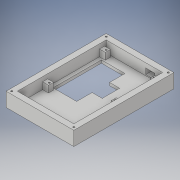
# Autodesk Inventor part: cabin_front
Saved by Autodesk Inventor 2019 (Build 230136000, 136)
## iProperties
Created: 2020-03-05
Part Number: cabin_front
Material: Generic
Document SubType Name: Modeling
Designer: laurenrhaylock
Density: 1 g/cm^3
Appearance: Default
Author: laurenrhaylock
Autodesk Inventor part; units mm, degrees
ref_plane "YZ Plane" through (0, 0, 0) normal (1, 0, 0) x (0, 1, 0)
ref_plane "XZ Plane" through (0, 0, 0) normal (0, 1, 0) x (-1, 0, 0)
ref_plane "XY Plane" through (0, 0, 0) normal (0, 0, 1) x (1, 0, 0)
sketch "Sketch1" plane through (0, 0, 0) normal (0, 1, 0) x (-1, 0, 0)
  line L0 (3.609, 163.5234) -> (-116.891, 163.5234)
  line L1 (-116.891, 163.5234) -> (-116.891, -14.4766)
  line L2 (-116.891, -14.4766) -> (3.609, -14.4766)
  line L3 (3.609, -14.4766) -> (3.609, 163.5234)
  dimension "d1" = 178
  dimension "d2" = 120.5
  constraints: 8 end point, 2 parallel, 1 horizontal, 1 perpendicular
  measures "d1" distance of L2.end L0.start
  measures "d2" distance of L0.start L0.end
extrude "Extrusion1" add sketch "Sketch1" along normal blind 25
sketch "Sketch2" plane through (0, 25, 0) normal (0, 1, 0) x (1, 0, 0)
  line L0 (6.391, -153.5234) -> (106.891, -153.5234)
  line L1 (106.891, -153.5234) -> (106.891, 4.4766)
  line L2 (106.891, 4.4766) -> (6.391, 4.4766)
  line L3 (6.391, 4.4766) -> (6.391, -153.5234)
  line L4 (-3.609, -163.5234) -> (116.891, -163.5234) projected
  line L5 (116.891, -163.5234) -> (116.891, 14.4766) projected
  point P0 (0, 0)
  dimension "d5" = 158
  dimension "d6" = 100.5
  dimension "d7" = 10
  dimension "d8" = 10
  constraints: 8 end point, 2 parallel, 1 horizontal, 1 perpendicular
  measures "d5" distance of L2.end L0.start
  measures "d6" distance of L0.start L0.end
  measures "d7" distance between parallel lines of L4 L0
  measures "d8" distance between parallel lines of L5 L1
extrude "Extrusion2" cut sketch "Sketch2" against normal blind 20
sketch "Sketch3" plane through (0, 5, 0) normal (0, 1, 0) x (1, 0, 0)
  line L0 (12.891, -96.5234) -> (54.891, -96.5234)
  line L1 (54.891, -96.5234) -> (54.891, -10.5234)
  line L2 (54.891, -10.5234) -> (12.891, -10.5234)
  line L3 (12.891, -10.5234) -> (12.891, -96.5234)
  line L4 (106.891, -153.5234) -> (6.391, -153.5234) projected
  line L5 (6.391, 4.4766) -> (106.891, 4.4766) projected
  line L6 (6.391, -153.5234) -> (6.391, 4.4766) projected
  line L7 (54.891, -69.0234) -> (72.891, -69.0234)
  line L8 (72.891, -69.0234) -> (72.891, -38.0234)
  line L9 (72.891, -38.0234) -> (54.891, -38.0234)
  line L10 (54.891, -38.0234) -> (54.891, -69.0234)
  line L11 (106.891, 4.4766) -> (106.891, -153.5234) projected
  line L12 (12.891, -55.0234) -> (106.891, -55.0234)
  point P0 (0, 0)
  dimension "d11" = 57
  dimension "d12" = 15
  dimension "d13" = 6.5
  dimension "d14" = 0
  dimension "d15" = 42
  dimension "d16" = 34
  dimension "d17" = 42.5
  dimension "d18" = 84.5
  dimension "d19" = 41.5
  dimension "d20" = 44.5
  dimension "d21" = 14
  constraints: 18 end point, 4 parallel, 3 horizontal, 2 perpendicular, 2 point on line
  measures "d11" distance between parallel lines of L4 L0
  measures "d12" distance between parallel lines of L5 L2
  measures "d13" distance between parallel lines of L6 L3
  measures "d14" distance between parallel lines of L1 L10
  measures "d15" distance between parallel lines of L3 L1
  measures "d16" distance between parallel lines of L11 L8
  measures "d17" distance between parallel lines of L5 L9
  measures "d18" distance between parallel lines of L4 L7
  measures "d19" distance between parallel lines of L0 L12
  measures "d20" distance between parallel lines of L2 L12
  measures "d21" distance between parallel lines of L7 L12
extrude "Extrusion3" cut sketch "Sketch3" against normal through all contours L3 L12 L1 L0 | L3 L2 L1 L12 | L1 L12 L8 L7 | L1 L9 L8 L12
sketch "Sketch4" plane through (0, 5, 0) normal (0, 1, 0) x (1, 0, 0)
  line L0 (6.391, -7.5234) -> (16.891, -7.5234)
  line L1 (16.891, -7.5234) -> (16.891, 1.4766)
  line L2 (16.891, 1.4766) -> (6.391, 1.4766)
  line L3 (6.391, 1.4766) -> (6.391, -7.5234)
  line L4 (6.391, -153.5234) -> (6.391, 4.4766) projected
  line L5 (6.391, 4.4766) -> (106.891, 4.4766) projected
  line L6 (6.391, -153.5234) -> (6.391, 4.4766) projected
  line L7 (6.391, -53.5234) -> (106.891, -53.5234)
  line L8 (12.891, -10.5234) -> (54.891, -10.5234) projected
  line L9 (6.391, -99.5234) -> (16.891, -99.5234)
  line L10 (16.891, -99.5234) -> (16.891, -108.5234)
  line L11 (16.891, -108.5234) -> (6.391, -108.5234)
  line L12 (6.391, -108.5234) -> (6.391, -99.5234)
  line L13 (106.891, -153.5234) -> (6.391, -153.5234) projected
  line L14 (56.641, -153.5234) -> (56.641, 4.4766)
  line L15 (6.391, 4.4766) -> (106.891, 4.4766) projected
  line L16 (-3.609, 14.4766) -> (-3.609, -163.5234) projected
  line L17 (106.891, -7.5234) -> (96.391, -7.5234)
  line L18 (96.391, -7.5234) -> (96.391, 1.4766)
  line L19 (96.391, 1.4766) -> (106.891, 1.4766)
  line L20 (106.891, 1.4766) -> (106.891, -7.5234)
  line L21 (108.391, -37.5234) -> (6.391, -37.5234)
  line L22 (106.891, -67.5234) -> (96.391, -67.5234)
  line L23 (106.891, -76.5234) -> (106.891, -67.5234)
  line L24 (96.391, -67.5234) -> (96.391, -76.5234)
  line L25 (96.391, -76.5234) -> (106.891, -76.5234)
  line L26 (54.891, -96.5234) -> (12.891, -96.5234) projected
  point P0 (0, 0)
  dimension "d24" = 0
  dimension "d25" = 10.5
  dimension "d26" = 9
  dimension "d27" = 3
  dimension "d28" = 43
  dimension "d29" = 60.25
  dimension "d30" = 30
  dimension "d37" = 43
  constraints: 36 end point, 12 symmetric about line, 4 perpendicular, 2 midpoint, 2 parallel, 2 point on line, 1 horizontal, 4 other
  measures "d24" distance between parallel lines of L4 L3
  measures "d25" distance of L1.end L2.end
  measures "d26" distance of L0.end L1.end
  measures "d27" distance between parallel lines of L5 L2
  measures "d28" distance between parallel lines of L8 L7
  measures "d29" distance between parallel lines of L16 L14
  measures "d30" distance between parallel lines of L17 L21
extrude "Extrusion4" add sketch "Sketch4" along normal blind 12 contours L3 L2 L1 L0 | L9 L10 L11 L4 | L17 L18 L19 L20 | L23 L25 L24 L22
sketch "Sketch6" plane through (0, 17, 0) normal (0, 1, 0) x (1, 0, 0)
  circle A0 centre (13.891, -3.0234) radius 1.5
  line L0 (6.391, -153.5234) -> (6.391, 4.4766) projected
  line L1 (16.891, 1.4766) -> (6.391, 1.4766) projected
  line L2 (6.391, -53.5234) -> (108.8142, -53.5234)
  line L3 (12.891, -10.5234) -> (54.891, -10.5234) projected
  line L4 (6.391, -108.5234) -> (16.891, -108.5234) projected
  circle A1 centre (13.891, -104.0234) radius 1.5
  line L5 (56.641, -153.5234) -> (56.641, 4.4766)
  line L6 (-3.609, 14.4766) -> (-3.609, -163.5234) projected
  circle A2 centre (99.391, -3.0234) radius 1.5
  line L7 (106.891, -7.5234) -> (106.891, -67.5234) projected
  line L8 (106.891, -37.5234) -> (6.391, -37.5234)
  line L9 (96.391, -7.5234) -> (106.891, -7.5234) projected
  circle A3 centre (99.391, -72.0234) radius 1.5
  line L10 (106.891, 4.4766) -> (106.891, -153.5234) projected
  line L11 (106.891, 1.4766) -> (96.391, 1.4766) projected
  point P0 (0, 0)
  dimension "d33" = 3
  dimension "d34" = 7.5
  dimension "d35" = 4.5
  dimension "d36" = 43
  dimension "d38" = 110
  dimension "d39" = 4.5
  dimension "d40" = 7.5
  dimension "d41" = 60.25
  dimension "d42" = 30
  dimension "d43" = 69
  dimension "d44" = 7.5
  dimension "d45" = 7.5
  dimension "d46" = 4.5
  constraints: 6 end point, 4 centre point, 3 symmetric about line, 2 point on line, 1 horizontal, 1 midpoint, 1 perpendicular, 1 vertical, 3 other
  measures "d33" diameter of A0
  measures "d34" distance from line of L0 A0.centre
  measures "d35" distance from line of L1 A0.centre
  measures "d36" distance between parallel lines of L3 L2
  measures "d38" distance between parallel lines of L1 L4
  measures "d39" distance from line of L4 A1.centre
  measures "d40" distance from line of L0 A1.centre
  measures "d41" distance between parallel lines of L6 L5
  measures "d42" distance between parallel lines of L9 L8
  measures "d43" distance of A2.centre A3.centre
  measures "d44" distance from line of L10 A3.centre
  measures "d45" distance from line of L10 A2.centre
  measures "d46" distance from line of L11 A2.centre
hole "Hole1" at (13.891, 17, 3.0234) at (13.891, 17, 104.0234) at (99.391, 17, 72.0234) at (99.391, 17, 3.0234) direction (0, -1, 0) diameter 3 depth 10 tip angle 118
thread "Thread1" size "M3x0.5" class "6H" standard "ANSI Metric M Profile" full length
thread "Thread2" size "M3x0.5" class "6H" standard "ANSI Metric M Profile" full length
thread "Thread3" size "M3x0.5" class "6H" standard "ANSI Metric M Profile" full length
thread "Thread4" size "M3x0.5" class "6H" standard "ANSI Metric M Profile" full length
sketch "Sketch7" plane through (0, 25, 0) normal (0, 1, 0) x (1, 0, 0)
  circle A0 centre (1.391, -158.5234) radius 1.5
  line L0 (-3.609, -163.5234) -> (116.891, -163.5234) projected
  line L1 (-3.609, 14.4766) -> (-3.609, -163.5234) projected
  line L2 (-3.609, 14.4766) -> (-3.609, -163.5234) projected
  line L3 (-3.609, -74.5234) -> (116.891, -74.5234)
  line L4 (116.891, -163.5234) -> (116.891, 14.4766) projected
  circle A1 centre (1.391, 9.4766) radius 1.5
  line L5 (56.641, -163.5234) -> (56.641, 14.4766)
  line L6 (116.891, 14.4766) -> (-3.609, 14.4766) projected
  circle A2 centre (111.891, -158.5234) radius 1.5
  circle A3 centre (111.891, 9.4766) radius 1.5
  point P0 (0, 0)
  dimension "d62" = 3
  dimension "d63" = 5
  dimension "d64" = 5
  dimension "d65" = 89
  dimension "d66" = 60.25
  constraints: 4 centre point, 4 end point, 4 midpoint, 3 symmetric about line, 1 horizontal, 1 vertical, 3 other
  measures "d62" diameter of A0
  measures "d63" distance from line of L0 A0.centre
  measures "d64" distance from line of L1 A0.centre
  measures "d65" distance between parallel lines of L0 L3
  measures "d66" distance between parallel lines of L1 L5
hole "Hole2" at (1.391, 25, 158.5234) at (1.391, 25, -9.4766) at (111.891, 25, -9.4766) at (111.891, 25, 158.5234) direction (0, -1, 0) diameter 3 depth 20 tip angle 118
thread "Thread5" size "M3x0.5" class "6H" standard "ANSI Metric M Profile" full length
thread "Thread6" size "M3x0.5" class "6H" standard "ANSI Metric M Profile" full length
thread "Thread7" size "M3x0.5" class "6H" standard "ANSI Metric M Profile" full length
thread "Thread8" size "M3x0.5" class "6H" standard "ANSI Metric M Profile" full length
sketch "Sketch8" plane through (6.391, 25, -4.4766) normal (0, 0, 1) x (1, 0, 0)
  line L0 (70.5, -18) -> (86.5, -18)
  line L1 (86.5, -18) -> (86.5, -8)
  line L2 (86.5, -8) -> (70.5, -8)
  line L3 (70.5, -8) -> (70.5, -18)
  line L4 (100.5, 0) -> (100.5, -20) projected
  line L5 (0, 0) -> (100.5, 0) projected
  line L6 (0, -20) -> (100.5, -20) projected
  point P0 (-6.391, -25)
  dimension "d82" = 14
  dimension "d83" = 16
  dimension "d84" = 8
  dimension "d85" = 2
  constraints: 8 end point, 2 parallel, 1 horizontal, 1 perpendicular
  measures "d82" distance between parallel lines of L4 L1
  measures "d83" distance between parallel lines of L3 L1
  measures "d84" distance between parallel lines of L5 L2
  measures "d85" distance between parallel lines of L6 L0
extrude "Extrusion5" cut sketch "Sketch8" against normal through all
body "Solid1"
□ □ □ □ □ □ □
Work to be completed. Starting at the top of the listing above, please restate word for word each line up to and including the one that holds "line L1 (-116.891, 163.5234)", omitting every image.

Answer section.
# Autodesk Inventor part: cabin_front
Saved by Autodesk Inventor 2019 (Build 230136000, 136)
## iProperties
Created: 2020-03-05
Part Number: cabin_front
Material: Generic
Document SubType Name: Modeling
Designer: laurenrhaylock
Density: 1 g/cm^3
Appearance: Default
Author: laurenrhaylock
Autodesk Inventor part; units mm, degrees
ref_plane "YZ Plane" through (0, 0, 0) normal (1, 0, 0) x (0, 1, 0)
ref_plane "XZ Plane" through (0, 0, 0) normal (0, 1, 0) x (-1, 0, 0)
ref_plane "XY Plane" through (0, 0, 0) normal (0, 0, 1) x (1, 0, 0)
sketch "Sketch1" plane through (0, 0, 0) normal (0, 1, 0) x (-1, 0, 0)
  line L0 (3.609, 163.5234) -> (-116.891, 163.5234)
  line L1 (-116.891, 163.5234) -> (-116.891, -14.4766)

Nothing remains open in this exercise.